Das GANZE Werk - Presseschau
Der Hörsturz
Von Thomas Assheuer
Fünfzig Jahre lang waren die Kultursendungen Flaggschiffe auf den Wellen des ARD-Hörfunks, jetzt ist die Weltreise vorbei. Viele Sendungen werden nassforsch verschrottet, andere in ihre Einzelteile zersägt oder zu einem Schnelldampfer umgerüstet. Doch was als Reform verkauft wird, ist ein Umsturz. Die Anstalten verabschieden sich vom alten Einschaltradio und suchen ihr Heil beim Kulturbegleitmagazin mit „Durchhörcharakter“. Auf Hochdeutsch: Die ARD konzentriert sich auf Hörer, die sich beim Zuhören nicht konzentrieren. Das sind Menschen bei ihren Nebentätigkeiten, beim Kochen und Bügeln, Waschen und Naschen, also Menschen, die eine Kultursendung nicht gezielt einschalten, sondern auf einer Welle „hängen bleiben“ und so lange „durchhören“, bis diese im Schlick einer „Spezialsendung für Minderheiten“ versickert.
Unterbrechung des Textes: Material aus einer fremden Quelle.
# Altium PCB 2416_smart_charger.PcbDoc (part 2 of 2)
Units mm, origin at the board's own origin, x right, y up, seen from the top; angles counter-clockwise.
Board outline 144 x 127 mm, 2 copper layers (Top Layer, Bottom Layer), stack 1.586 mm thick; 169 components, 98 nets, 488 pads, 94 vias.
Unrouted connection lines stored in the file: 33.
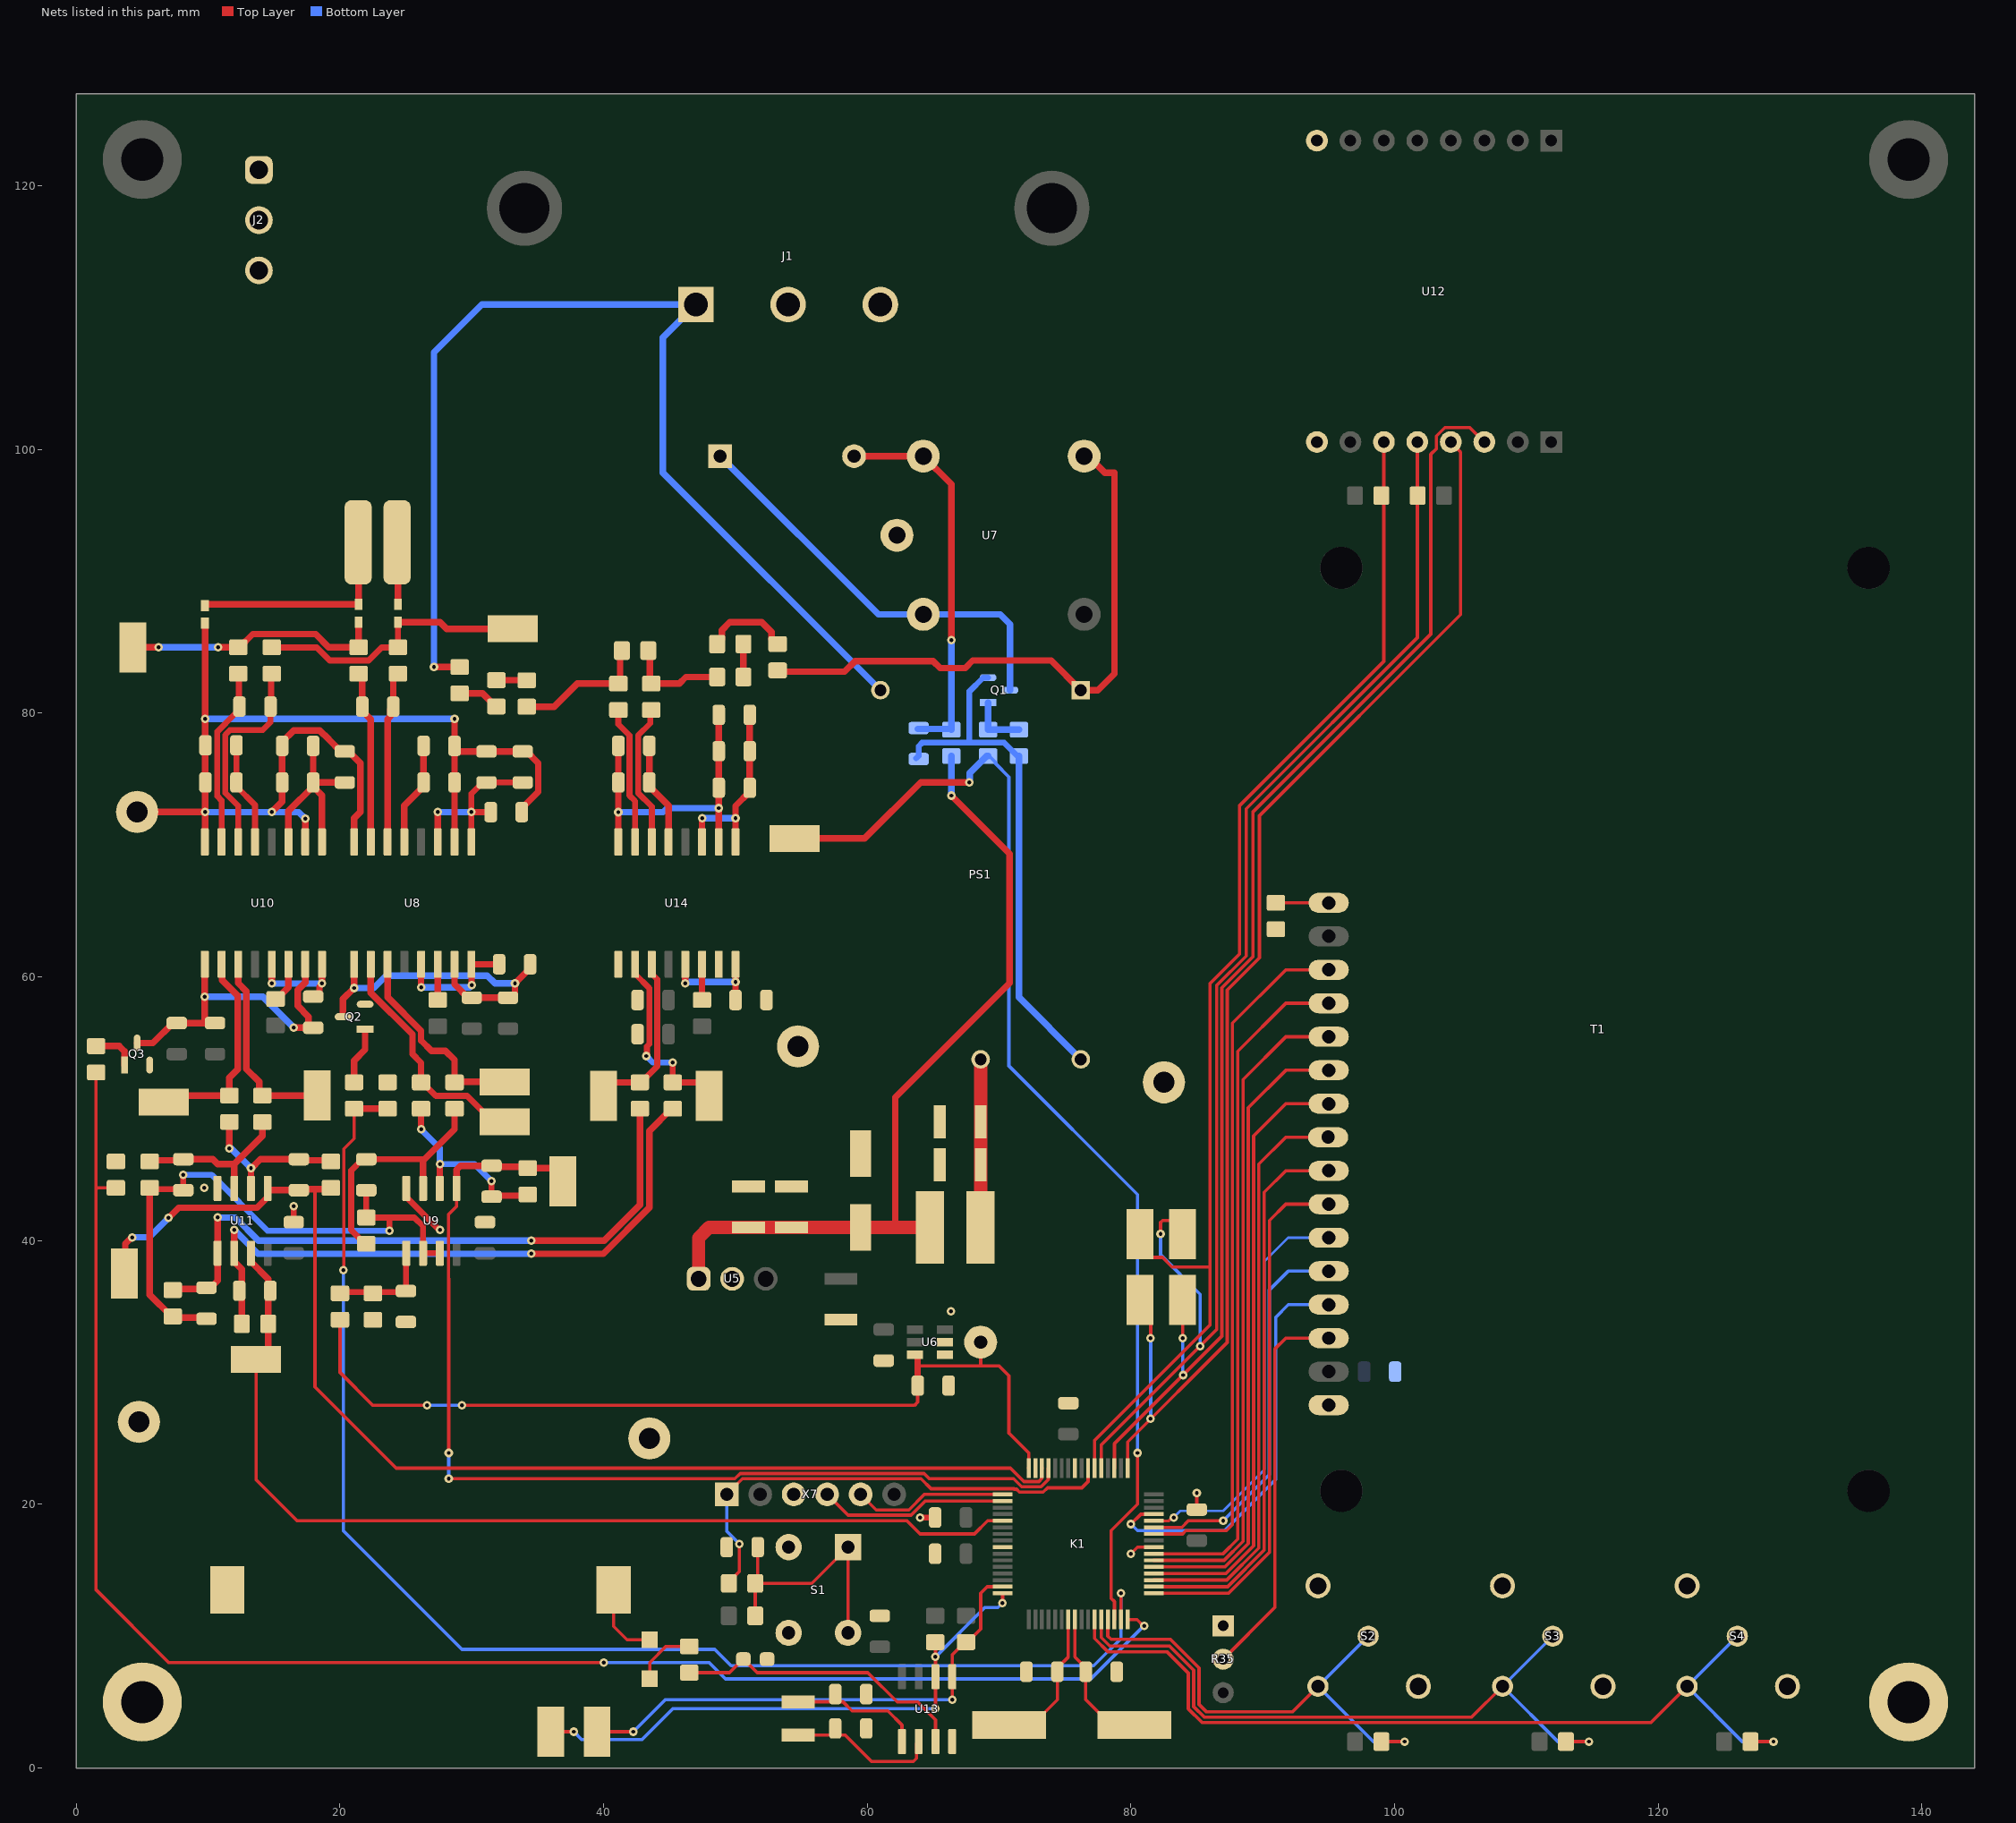
[diagram p2: the nets of this part, all layers, seen from the top]

## Via types
v1: diameter 0.65, hole 0.3, Top Layer to Bottom Layer, 94 vias

## Nets (pads, with @x,y where several pads share a name; then routed paths per layer and width w, separated by ;. In a path a pad name is that pad's centre, name@x,y a point inside that pad or via, vN(x,y) a via of type N, cw(c..) or ccw(c..) an arc to the next point about the centre after c; other vN are vias at no path point) (continued)
+12V: C3.1 C4.2 C5.2 L1.2 R1.2 U5.1 | length 62.1
  Top Layer w0.5: 62.125,41 62.125,50.868 70.79,59.533 70.79,69.335 v1(66.375,73.75)
  Top Layer w1: U5.1@47.21,37.1 47.21,40.21 48,41 C4.2@51,41 C5.2@54.25,41 C3.1@59.5,41 62.125,41 L1.2@64.75,41
  Bottom Layer w0.5: v1(66.375,73.75) R1.2@66.375,76.75
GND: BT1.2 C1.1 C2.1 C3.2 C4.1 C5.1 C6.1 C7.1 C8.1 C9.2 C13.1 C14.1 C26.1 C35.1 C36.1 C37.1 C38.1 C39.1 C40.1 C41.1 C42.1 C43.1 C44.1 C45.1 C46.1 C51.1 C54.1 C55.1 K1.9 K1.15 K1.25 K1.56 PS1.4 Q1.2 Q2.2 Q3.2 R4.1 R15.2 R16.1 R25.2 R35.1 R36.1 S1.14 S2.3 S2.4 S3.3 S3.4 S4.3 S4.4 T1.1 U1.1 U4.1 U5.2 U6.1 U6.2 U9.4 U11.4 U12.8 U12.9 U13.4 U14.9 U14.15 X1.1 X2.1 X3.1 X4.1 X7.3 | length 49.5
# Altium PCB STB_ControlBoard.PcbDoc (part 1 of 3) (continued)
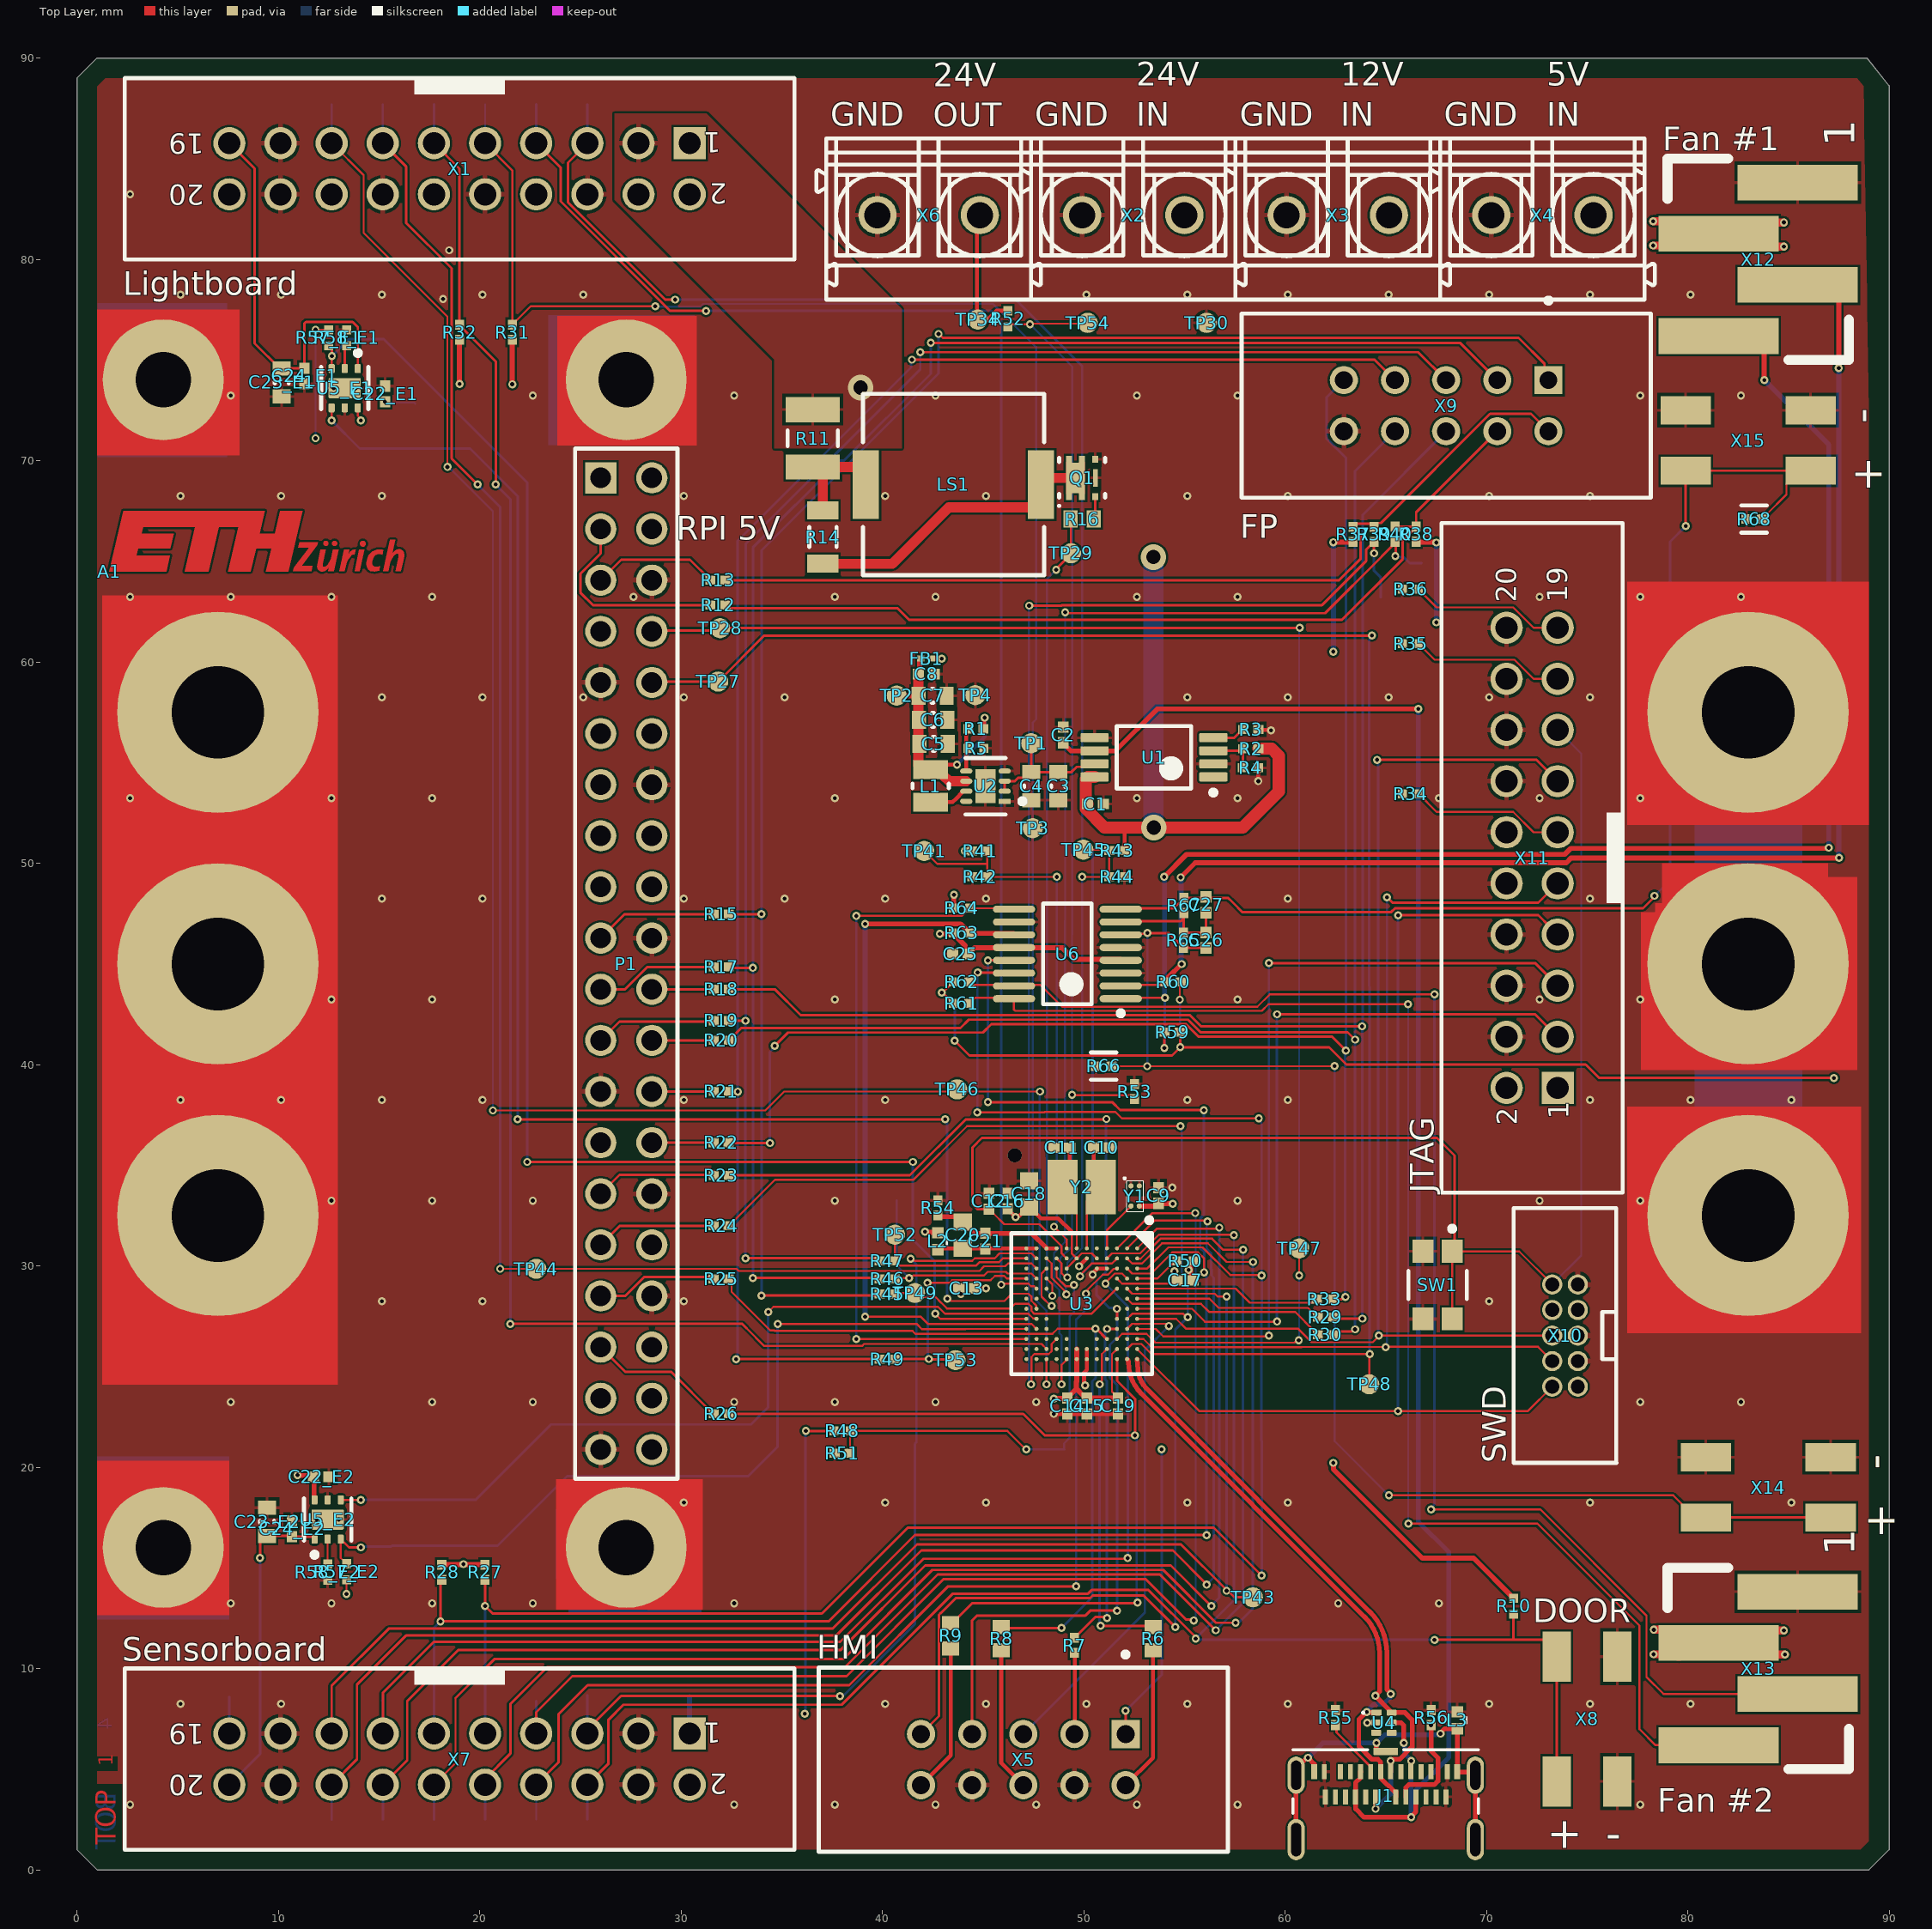
[diagram p0: Top Layer view]
## Classes and differential pairs
net class USB: USB_N USB_P
component class FC: C25 C26 C27 R59 R60 R61 R62 R63 R64 R65 R66 R67 R68 U6 X12 X13 X14 X15
differential pair class USB_90R: USB
channel class STB_eFuse: E1 E2
component class USB: J1 L3 R55 R56 U4
component class STB_ControlBoard: A1 LS1 M1 M2 P1 Q1 R6 R7 R8 R9 R10 R11 R12 R13 R14 R15 R16 R17 R18 R19 R20 R21 R22 R23 R24 R25 R26 TP5 TP6 TP7 TP8 TP9 TP10 TP11 TP12 TP13 TP14 TP15 TP16 TP17 TP18 TP19 TP20 TP21 TP22 TP23 TP24 TP25 TP26 TP27 TP28 TP29 TP30 TP31 TP32 TP33 TP34 X1 X2 X3 X4 X5 X6 X7 X8 X9
component class PSU: C1 C2 C3 C4 C5 C6 C7 C8 FB1 L1 R1 R2 R3 R4 R5 TP1 TP2 TP3 TP4 U1 U2
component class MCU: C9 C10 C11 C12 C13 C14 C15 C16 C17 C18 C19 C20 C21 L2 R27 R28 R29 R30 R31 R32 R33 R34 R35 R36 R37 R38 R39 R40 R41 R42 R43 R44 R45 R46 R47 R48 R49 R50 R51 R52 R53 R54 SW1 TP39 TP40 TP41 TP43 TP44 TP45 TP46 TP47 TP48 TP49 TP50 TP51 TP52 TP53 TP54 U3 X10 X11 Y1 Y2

Kurzum, wem künftig eine öffentlich-rechtliche Kultursendung zu Ohren kommt, soll auf keinen Fall den Eindruck bekommen, sie habe etwas mit Kultur zu tun. Sollte aus der Oberfläche einer Kulturwelle dennoch ein anstößiges Wortelement auftauchen, darf es niemanden stören. So ist von einem norddeutschen Reformkommissar die Sentenz überliefert: „Das Wort darf nicht zum Hinhören zwingen.“ Ein Witz? Nein, auch der MDR, der noch nie im Verdacht stand, seine Gebühren für die geistige Überforderung des Publikums zu verschwenden, frisiert seine Kultursendungen und startet zeitgleich mit dem WDR ab Januar ein schadstoffarmes Tagesbegleitmagazin mit Grundversorgungsanteilen. Wer es fassen kann, der fasse es: Die neue Kultur-Dauerwelle, die „elitäre“ Zöpfe abschneiden will, trägt den Namen Figaro. Schon jetzt lässt die ondulierte Anstaltsprosa, mit der MDR-Frisöre ihre Taten anpreisen, das Schlimmste befürchten. Es duftet nach Event-Radio mit Wellness-Komponente. „Einmal föhnen und legen.“
Noch allerdings schrecken einige Sender vor ihrer finalen Selbstverdünnung zurück. Der Bayerische Hörfunk stellt einige „Einschalt-Inseln“ unter Naturschutz, auch SWR 2 leistet Widerstand gegen das „Durchhör-Radio“. Und der Hessische Rundfunk, der gerade sein berühmtes Abendstudio im Main versenkt hat, bietet neben einer leicht verplätscherten Kulturwelle lange Gespräche und zuweilen großartige Sendungen, wie in alten Zeiten. Schließlich war man gewarnt, hat doch der reformierte NDR sein Ansehen im Kulturmilieu unlängst steil nach unten reguliert.
Und warum glaubt die ARD, naturtrübe Tagesbegleitkultur sei erfolgreicher als intelligente? Weil die Hörer angeblich zu alt und die Einschaltquoten zu niedrig sind. Zwei Prozent pro Sendegebiet, das sind zwar bis zu zweihunderttausend Hörer, aber den Anstaltskommissionen reicht es nicht. Dafür gräbt sich der Hörfunk nun das eigene Grab. Wenn bundesweit nur noch Kulturmagazine zu hören sind, die einander gleichen wie ein Ei dem anderen, kann man den Föderalismus gleich ganz abschaffen. Dann genügt eine nationale Kulturwelle. Eine für alle. In diesem Sinne: Weiter so.